自民党内には既に「党改革実行本部」という岸田総裁直轄の組織が存在する。茂木敏充幹事長が本部長を務め、旧統一教会問題の際に議員の「行動指針」を議論し取りまとめたのもこの組織だったため、党内には「この組織でやれば良いのでは」との意見もある。

しかし、ある関係者は「岸田首相は、派閥のトップでもある茂木氏が本部長を務める組織ではやりたくないのだろう」と話す。官邸側は、リーダーシップをアピールするため、岸田首相自身が組織のトップに立つことを模索している。ただ、最近まで派閥会長を務めていた首相がトップでは改革の旗印とはなりにくく、インパクトも薄いとの見方もある。

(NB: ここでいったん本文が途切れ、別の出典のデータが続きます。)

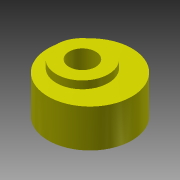
# Autodesk Inventor part: eccentric stop
Saved by Autodesk Inventor 2013 (Build 170138000, 138)
## iProperties
Created: 2013-09-11
Part Number: eccentric stop
Material: Generic
Document SubType Name: Modeling
Designer: employee
Density: 1 g/cm^3
Author: employee
Autodesk Inventor part; units mm, degrees
ref_plane "YZ Plane" through (0, 0, 0) normal (1, 0, 0) x (0, 1, 0)
ref_plane "XZ Plane" through (0, 0, 0) normal (0, 1, 0) x (-1, 0, 0)
ref_plane "XY Plane" through (0, 0, 0) normal (0, 0, 1) x (1, 0, 0)
sketch "Sketch1" plane through (0, 0, 0) normal (0, 0, 1) x (1, 0, 0)
  circle A0 centre (0, 0) radius 5.5
  dimension "d0" = 11
  constraints: 1 centre point, 1 coincident
  measures "d0" diameter of A0
extrude "Extrusion1" add sketch "Sketch1" along normal blind 5
sketch "Sketch2" plane through (0, 0, 5) normal (0, 0, 1) x (1, 0, 0)
  circle A0 centre (0, 0) radius 5.5 projected
  line L0 (0, 0) -> (-1, 0)
  circle A1 centre (-1, 0) radius 1.75
  circle A2 centre (-1, 0) radius 3.4167
  dimension "d5" = 1
  dimension "d6" = 3.5
  dimension "d7" = 1.6667
  constraints: 2 centre point, 2 coincident, 2 end point, 1 horizontal
  measures "d5" distance of L0.start L0.end
  measures "d6" diameter of A1
  measures "d7" radial gap between concentric circles of A1 A2
extrude "Extrusion2" add sketch "Sketch2" along normal blind 1 contours A2
sketch "Sketch3" plane through (-1, 0, 5) normal (0, 0, 1) x (1, 0, 0)
  circle A0 centre (0, 0) radius 1.75 projected
  point P0 (1, 0)
extrude "Extrusion3" cut sketch "Sketch3" against normal through all
body "Solid1"

こうした中、党内で、菅義偉前首相を新組織のトップに推す声が上がっている。あるベテラン議員は「無派閥の菅さんこそが改革の有資格者だ」と指摘する。

菅氏は1月、岸田首相が派閥の会長を続けていることに苦言を呈し、大きな話題となったが、首相はこの進言を聞き入れずに派閥にとどまり続けた。しかし今回の問題が起き首相は派閥からの離脱を余儀なくされ、党内では「菅さんの言った通りになった」との声が広がっている。派閥に対して厳しい姿勢を示している菅氏が組織の中心となれば、「世間的なインパクトは大きい」(党関係者)との見方は多い。

ただ、政権内には、菅氏起用は「劇薬」との警戒感もある。派閥解消が現実味を帯びるため、副作用として、「今の党幹部との関係が壊れる」(首相周辺)との懸念があるためだ。

岸田首相を支える麻生太郎副総裁と茂木敏充幹事長はともに派閥のトップで、菅氏と距離を置く。2氏とも派閥解消には否定的で、仮に派閥解消に舵を切れば2氏が離反し政権の基盤を大きく揺るがす可能性がある。そもそも、首相自身が「大の派閥好き」(首相周辺)とされることも、判断に影響しそうだ。

一方で、経験豊富な議長経験者を交えて議論を進める案も上がるなど、新組織の方向性は定まっていないのが現状だ。岸田首相が年明けとなる1月4日に予定される年頭会見で、どのような方針を示すのかが注目される。